#VU29311 Improper access control in ENTTEC products - CVE-2019-12775
Published: June 26, 2020
Vulnerability identifier: #VU29311
Vulnerability risk: Medium
CVSSv4.0: CVSS:4.0/AV:N/AC:L/AT:N/PR:L/UI:N/VC:H/VI:H/VA:H/SC:N/SI:N/SA:N/E:U/U:Green
CVE-ID: CVE-2019-12775
CWE-ID: CWE-284
Exploitation vector: Remote access
Exploit availability:
No public exploit available
Vulnerable software:
Datagate Mk2
Storm 24
Pixelator
E-Streamer Mk2
Datagate Mk2
Storm 24
Pixelator
E-Streamer Mk2
Software vendor:
ENTTEC
ENTTEC
Description
The vulnerability allows a remote attacker to gain unauthorized access to otherwise restricted functionality.

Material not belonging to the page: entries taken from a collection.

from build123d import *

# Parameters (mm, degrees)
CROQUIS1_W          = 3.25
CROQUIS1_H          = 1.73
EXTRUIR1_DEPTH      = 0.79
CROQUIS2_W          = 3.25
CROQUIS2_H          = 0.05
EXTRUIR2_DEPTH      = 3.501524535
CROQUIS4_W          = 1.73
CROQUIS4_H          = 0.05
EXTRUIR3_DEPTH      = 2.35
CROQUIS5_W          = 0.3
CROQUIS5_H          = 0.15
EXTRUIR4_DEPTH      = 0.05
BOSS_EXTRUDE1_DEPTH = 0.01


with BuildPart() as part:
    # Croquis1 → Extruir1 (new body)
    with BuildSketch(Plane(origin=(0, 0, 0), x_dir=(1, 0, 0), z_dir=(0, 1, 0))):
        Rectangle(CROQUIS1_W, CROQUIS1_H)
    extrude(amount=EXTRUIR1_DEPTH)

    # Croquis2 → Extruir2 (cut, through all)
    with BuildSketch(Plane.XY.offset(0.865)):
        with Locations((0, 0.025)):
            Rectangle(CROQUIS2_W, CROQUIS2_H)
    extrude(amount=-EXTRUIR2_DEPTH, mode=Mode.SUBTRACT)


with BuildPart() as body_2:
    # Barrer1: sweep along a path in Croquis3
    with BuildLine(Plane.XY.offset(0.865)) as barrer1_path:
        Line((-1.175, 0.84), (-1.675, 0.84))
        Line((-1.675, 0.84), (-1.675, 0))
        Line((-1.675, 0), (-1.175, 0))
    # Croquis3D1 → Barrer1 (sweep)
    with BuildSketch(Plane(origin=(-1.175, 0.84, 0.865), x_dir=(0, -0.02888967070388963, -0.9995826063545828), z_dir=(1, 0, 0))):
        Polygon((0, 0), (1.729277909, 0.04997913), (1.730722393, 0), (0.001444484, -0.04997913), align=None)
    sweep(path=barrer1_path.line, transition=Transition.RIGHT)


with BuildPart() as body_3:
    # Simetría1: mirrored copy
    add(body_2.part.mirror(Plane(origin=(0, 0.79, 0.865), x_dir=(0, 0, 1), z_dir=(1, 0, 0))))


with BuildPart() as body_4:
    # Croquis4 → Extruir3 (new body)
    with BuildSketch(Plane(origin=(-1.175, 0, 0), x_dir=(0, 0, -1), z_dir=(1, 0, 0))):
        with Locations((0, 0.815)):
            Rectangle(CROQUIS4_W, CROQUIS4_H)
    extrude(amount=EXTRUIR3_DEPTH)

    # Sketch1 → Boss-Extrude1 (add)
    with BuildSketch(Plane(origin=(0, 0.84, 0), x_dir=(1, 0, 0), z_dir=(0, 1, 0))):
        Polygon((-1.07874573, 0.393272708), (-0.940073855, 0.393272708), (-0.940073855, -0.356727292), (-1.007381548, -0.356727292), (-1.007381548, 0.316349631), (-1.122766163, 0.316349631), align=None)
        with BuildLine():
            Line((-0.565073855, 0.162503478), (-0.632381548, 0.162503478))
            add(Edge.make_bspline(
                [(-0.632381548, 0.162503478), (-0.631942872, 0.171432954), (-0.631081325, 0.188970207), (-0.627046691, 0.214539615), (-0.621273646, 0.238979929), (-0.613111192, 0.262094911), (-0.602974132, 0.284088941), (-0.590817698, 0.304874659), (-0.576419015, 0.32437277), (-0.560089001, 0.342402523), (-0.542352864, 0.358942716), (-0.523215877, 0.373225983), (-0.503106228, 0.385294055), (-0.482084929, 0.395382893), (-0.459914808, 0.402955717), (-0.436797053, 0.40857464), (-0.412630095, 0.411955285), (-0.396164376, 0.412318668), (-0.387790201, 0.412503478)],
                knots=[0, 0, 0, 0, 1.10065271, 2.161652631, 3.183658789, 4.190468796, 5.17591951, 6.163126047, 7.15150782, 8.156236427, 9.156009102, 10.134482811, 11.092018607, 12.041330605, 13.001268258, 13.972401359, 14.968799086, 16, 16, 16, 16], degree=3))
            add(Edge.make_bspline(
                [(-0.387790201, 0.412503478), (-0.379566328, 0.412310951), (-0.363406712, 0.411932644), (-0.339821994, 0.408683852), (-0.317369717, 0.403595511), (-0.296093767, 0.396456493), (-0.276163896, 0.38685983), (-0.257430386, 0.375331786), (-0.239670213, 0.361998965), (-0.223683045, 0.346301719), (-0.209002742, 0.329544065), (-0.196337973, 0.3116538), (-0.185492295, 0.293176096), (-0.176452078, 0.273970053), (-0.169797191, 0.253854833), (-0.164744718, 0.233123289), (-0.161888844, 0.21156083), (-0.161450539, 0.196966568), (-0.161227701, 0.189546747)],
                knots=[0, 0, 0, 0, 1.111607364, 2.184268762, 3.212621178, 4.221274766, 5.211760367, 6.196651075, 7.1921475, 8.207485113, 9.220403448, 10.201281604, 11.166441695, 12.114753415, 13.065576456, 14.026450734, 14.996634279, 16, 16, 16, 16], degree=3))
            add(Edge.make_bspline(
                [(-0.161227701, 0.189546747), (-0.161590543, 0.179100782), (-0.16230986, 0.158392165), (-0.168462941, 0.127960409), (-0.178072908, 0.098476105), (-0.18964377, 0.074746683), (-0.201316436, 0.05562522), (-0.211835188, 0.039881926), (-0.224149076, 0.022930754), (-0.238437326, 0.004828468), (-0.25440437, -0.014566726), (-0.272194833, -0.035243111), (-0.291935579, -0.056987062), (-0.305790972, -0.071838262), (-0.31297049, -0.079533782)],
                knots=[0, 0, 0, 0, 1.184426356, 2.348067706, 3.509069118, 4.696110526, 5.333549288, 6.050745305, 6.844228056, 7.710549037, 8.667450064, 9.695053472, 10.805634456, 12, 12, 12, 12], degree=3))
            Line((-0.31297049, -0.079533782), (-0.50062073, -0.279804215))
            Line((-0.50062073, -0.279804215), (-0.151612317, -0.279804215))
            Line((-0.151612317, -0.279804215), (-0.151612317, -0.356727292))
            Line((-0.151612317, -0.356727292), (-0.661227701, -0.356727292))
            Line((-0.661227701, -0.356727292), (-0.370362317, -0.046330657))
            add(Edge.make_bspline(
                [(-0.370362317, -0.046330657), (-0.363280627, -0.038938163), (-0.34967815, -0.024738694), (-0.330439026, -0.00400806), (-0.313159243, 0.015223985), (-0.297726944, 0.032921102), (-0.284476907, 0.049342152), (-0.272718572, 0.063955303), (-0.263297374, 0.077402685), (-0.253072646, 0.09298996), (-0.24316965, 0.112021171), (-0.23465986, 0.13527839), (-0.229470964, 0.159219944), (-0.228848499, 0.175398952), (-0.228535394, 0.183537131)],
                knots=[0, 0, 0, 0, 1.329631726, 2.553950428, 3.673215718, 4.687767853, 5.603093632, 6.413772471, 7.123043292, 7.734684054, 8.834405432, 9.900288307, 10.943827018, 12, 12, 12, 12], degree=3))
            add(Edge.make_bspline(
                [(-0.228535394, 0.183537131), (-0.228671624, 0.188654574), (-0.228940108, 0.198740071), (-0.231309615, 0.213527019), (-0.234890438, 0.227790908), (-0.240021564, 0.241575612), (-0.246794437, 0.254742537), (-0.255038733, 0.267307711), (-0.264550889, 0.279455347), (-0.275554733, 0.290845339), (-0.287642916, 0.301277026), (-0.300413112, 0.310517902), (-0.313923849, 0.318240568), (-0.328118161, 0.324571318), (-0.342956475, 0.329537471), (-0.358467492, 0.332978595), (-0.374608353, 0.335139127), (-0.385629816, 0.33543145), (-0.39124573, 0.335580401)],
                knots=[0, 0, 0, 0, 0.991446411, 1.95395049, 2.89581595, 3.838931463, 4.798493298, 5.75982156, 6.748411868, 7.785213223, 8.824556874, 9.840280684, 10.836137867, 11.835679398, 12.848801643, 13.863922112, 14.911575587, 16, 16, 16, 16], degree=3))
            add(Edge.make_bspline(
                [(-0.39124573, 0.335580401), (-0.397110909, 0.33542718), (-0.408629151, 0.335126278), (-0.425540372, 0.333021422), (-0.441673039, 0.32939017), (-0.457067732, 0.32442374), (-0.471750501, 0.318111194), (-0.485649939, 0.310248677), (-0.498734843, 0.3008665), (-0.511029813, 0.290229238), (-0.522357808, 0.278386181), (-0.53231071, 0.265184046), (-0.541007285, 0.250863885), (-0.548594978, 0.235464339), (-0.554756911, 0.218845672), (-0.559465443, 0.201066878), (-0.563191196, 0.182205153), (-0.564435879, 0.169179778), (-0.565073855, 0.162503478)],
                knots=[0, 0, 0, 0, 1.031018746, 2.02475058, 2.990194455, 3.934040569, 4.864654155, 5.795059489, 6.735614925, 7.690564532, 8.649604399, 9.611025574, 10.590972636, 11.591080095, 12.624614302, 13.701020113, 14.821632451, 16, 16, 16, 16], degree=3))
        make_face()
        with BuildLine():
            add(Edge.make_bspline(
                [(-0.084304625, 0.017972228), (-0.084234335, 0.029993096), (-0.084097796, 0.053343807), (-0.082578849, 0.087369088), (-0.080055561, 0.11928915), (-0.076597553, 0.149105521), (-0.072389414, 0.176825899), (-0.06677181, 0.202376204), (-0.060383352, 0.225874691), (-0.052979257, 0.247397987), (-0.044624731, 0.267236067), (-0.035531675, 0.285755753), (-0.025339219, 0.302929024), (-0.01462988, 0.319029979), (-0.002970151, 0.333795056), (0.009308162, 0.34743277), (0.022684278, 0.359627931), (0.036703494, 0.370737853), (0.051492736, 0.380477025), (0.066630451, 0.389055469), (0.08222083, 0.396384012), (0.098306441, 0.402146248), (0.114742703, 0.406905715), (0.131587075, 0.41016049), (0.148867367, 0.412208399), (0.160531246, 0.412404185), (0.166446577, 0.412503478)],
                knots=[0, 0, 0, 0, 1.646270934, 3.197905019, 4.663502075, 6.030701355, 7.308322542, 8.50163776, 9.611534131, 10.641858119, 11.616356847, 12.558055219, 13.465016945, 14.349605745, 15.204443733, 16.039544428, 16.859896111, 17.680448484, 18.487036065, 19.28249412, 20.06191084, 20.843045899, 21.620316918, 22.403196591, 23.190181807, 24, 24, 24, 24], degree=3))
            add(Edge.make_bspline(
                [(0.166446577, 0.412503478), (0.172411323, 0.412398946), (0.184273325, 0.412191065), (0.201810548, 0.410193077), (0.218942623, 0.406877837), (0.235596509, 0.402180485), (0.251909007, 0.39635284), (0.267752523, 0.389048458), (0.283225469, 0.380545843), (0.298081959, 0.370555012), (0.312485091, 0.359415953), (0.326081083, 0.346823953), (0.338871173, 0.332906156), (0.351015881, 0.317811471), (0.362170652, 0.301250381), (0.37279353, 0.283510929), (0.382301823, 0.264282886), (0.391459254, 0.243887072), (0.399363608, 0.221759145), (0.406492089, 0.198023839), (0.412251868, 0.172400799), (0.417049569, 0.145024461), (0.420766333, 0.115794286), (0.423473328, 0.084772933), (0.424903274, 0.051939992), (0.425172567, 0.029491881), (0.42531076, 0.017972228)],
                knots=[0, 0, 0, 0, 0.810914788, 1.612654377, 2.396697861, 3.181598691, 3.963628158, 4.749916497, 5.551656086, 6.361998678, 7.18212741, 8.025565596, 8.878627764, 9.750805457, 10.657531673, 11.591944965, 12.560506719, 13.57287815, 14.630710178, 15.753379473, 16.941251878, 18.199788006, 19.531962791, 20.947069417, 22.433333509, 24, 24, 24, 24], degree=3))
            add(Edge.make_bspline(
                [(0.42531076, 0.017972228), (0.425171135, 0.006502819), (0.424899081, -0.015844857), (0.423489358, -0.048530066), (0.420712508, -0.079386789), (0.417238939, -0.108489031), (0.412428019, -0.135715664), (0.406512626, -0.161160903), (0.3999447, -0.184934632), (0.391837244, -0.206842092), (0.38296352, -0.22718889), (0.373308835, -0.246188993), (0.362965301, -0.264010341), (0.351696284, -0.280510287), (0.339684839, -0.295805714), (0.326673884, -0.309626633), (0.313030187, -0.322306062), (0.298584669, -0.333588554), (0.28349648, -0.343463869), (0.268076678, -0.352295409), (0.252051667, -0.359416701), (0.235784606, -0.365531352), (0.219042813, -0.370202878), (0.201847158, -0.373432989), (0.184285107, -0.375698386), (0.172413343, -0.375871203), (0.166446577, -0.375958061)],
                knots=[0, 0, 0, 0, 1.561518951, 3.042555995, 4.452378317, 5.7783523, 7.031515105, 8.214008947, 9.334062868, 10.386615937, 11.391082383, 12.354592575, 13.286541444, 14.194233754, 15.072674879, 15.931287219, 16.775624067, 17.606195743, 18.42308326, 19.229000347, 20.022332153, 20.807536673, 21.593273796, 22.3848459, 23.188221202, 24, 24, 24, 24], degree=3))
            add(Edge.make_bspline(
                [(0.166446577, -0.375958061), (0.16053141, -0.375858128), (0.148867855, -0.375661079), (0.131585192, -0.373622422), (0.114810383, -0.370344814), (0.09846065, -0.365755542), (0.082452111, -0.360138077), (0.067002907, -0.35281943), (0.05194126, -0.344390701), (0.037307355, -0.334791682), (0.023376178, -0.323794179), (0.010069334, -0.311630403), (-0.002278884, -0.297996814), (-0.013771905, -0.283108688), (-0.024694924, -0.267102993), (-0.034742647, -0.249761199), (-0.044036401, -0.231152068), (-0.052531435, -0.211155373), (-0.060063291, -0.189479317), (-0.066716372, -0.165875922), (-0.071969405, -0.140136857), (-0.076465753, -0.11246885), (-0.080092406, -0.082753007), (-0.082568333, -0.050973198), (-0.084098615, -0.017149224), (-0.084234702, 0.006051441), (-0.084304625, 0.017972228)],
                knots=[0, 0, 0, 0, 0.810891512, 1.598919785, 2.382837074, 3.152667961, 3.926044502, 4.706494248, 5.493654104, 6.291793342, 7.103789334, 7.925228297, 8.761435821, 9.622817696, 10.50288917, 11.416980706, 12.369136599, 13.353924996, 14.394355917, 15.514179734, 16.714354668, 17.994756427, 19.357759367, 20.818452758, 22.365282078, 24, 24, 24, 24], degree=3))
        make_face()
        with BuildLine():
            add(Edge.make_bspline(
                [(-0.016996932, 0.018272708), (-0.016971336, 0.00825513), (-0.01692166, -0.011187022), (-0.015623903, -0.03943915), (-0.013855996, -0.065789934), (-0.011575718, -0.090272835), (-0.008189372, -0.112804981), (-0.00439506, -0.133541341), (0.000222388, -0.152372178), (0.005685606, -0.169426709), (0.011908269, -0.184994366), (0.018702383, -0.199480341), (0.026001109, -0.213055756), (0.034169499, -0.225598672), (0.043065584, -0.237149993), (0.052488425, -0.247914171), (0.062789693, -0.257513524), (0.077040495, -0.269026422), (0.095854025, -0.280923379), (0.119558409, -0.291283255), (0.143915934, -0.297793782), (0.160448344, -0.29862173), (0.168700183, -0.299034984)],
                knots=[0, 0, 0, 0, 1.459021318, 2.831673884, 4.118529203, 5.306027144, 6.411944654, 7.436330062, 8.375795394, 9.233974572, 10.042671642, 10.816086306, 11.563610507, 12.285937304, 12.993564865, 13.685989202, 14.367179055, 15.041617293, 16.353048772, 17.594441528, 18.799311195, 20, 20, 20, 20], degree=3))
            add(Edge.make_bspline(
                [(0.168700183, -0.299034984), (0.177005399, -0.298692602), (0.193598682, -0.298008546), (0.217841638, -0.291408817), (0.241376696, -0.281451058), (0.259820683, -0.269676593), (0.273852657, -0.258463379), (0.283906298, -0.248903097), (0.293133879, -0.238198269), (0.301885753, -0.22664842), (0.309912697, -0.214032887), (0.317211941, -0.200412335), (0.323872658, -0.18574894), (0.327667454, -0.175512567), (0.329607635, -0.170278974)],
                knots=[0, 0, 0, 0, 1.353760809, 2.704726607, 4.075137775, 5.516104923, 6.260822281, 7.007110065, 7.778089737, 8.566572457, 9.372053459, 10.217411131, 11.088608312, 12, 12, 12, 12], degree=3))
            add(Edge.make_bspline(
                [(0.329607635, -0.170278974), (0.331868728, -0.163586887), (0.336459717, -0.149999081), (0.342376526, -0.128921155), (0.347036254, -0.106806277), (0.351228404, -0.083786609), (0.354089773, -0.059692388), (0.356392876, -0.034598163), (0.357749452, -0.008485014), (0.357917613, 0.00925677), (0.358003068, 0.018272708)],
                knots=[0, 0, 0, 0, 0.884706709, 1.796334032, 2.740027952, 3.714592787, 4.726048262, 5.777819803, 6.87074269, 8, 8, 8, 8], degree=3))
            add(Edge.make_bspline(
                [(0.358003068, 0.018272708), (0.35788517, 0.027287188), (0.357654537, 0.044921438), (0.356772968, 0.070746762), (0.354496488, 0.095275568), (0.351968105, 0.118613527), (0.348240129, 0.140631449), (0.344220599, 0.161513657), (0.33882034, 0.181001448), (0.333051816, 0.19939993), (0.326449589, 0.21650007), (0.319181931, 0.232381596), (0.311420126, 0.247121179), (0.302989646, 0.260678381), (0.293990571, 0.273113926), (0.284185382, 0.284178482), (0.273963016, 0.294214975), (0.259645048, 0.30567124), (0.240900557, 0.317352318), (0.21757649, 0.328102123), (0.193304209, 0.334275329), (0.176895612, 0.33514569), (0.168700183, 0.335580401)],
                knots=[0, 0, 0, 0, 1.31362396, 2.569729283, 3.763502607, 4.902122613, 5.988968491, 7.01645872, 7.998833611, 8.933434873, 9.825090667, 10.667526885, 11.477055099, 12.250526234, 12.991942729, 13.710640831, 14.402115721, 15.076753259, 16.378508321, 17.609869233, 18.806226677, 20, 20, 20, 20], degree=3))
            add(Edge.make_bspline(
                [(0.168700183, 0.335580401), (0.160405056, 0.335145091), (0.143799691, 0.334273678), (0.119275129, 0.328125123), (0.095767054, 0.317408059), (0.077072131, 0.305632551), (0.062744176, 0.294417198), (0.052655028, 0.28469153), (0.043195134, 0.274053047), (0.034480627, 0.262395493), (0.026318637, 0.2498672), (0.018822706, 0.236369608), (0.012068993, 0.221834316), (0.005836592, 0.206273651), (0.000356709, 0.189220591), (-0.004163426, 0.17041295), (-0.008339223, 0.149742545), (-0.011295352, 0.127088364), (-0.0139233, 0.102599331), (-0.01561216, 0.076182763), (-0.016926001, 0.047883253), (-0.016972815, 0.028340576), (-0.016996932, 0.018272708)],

The vulnerability exists due to the affected products enable high privileged root access via sudo capability without requiring appropriate access control. A remote authenticated attacker can bypass implemented security restrictions and gain unauthorized access to the application.
Remediation
Cybersecurity Help is currently unaware of any official solution to address this vulnerability.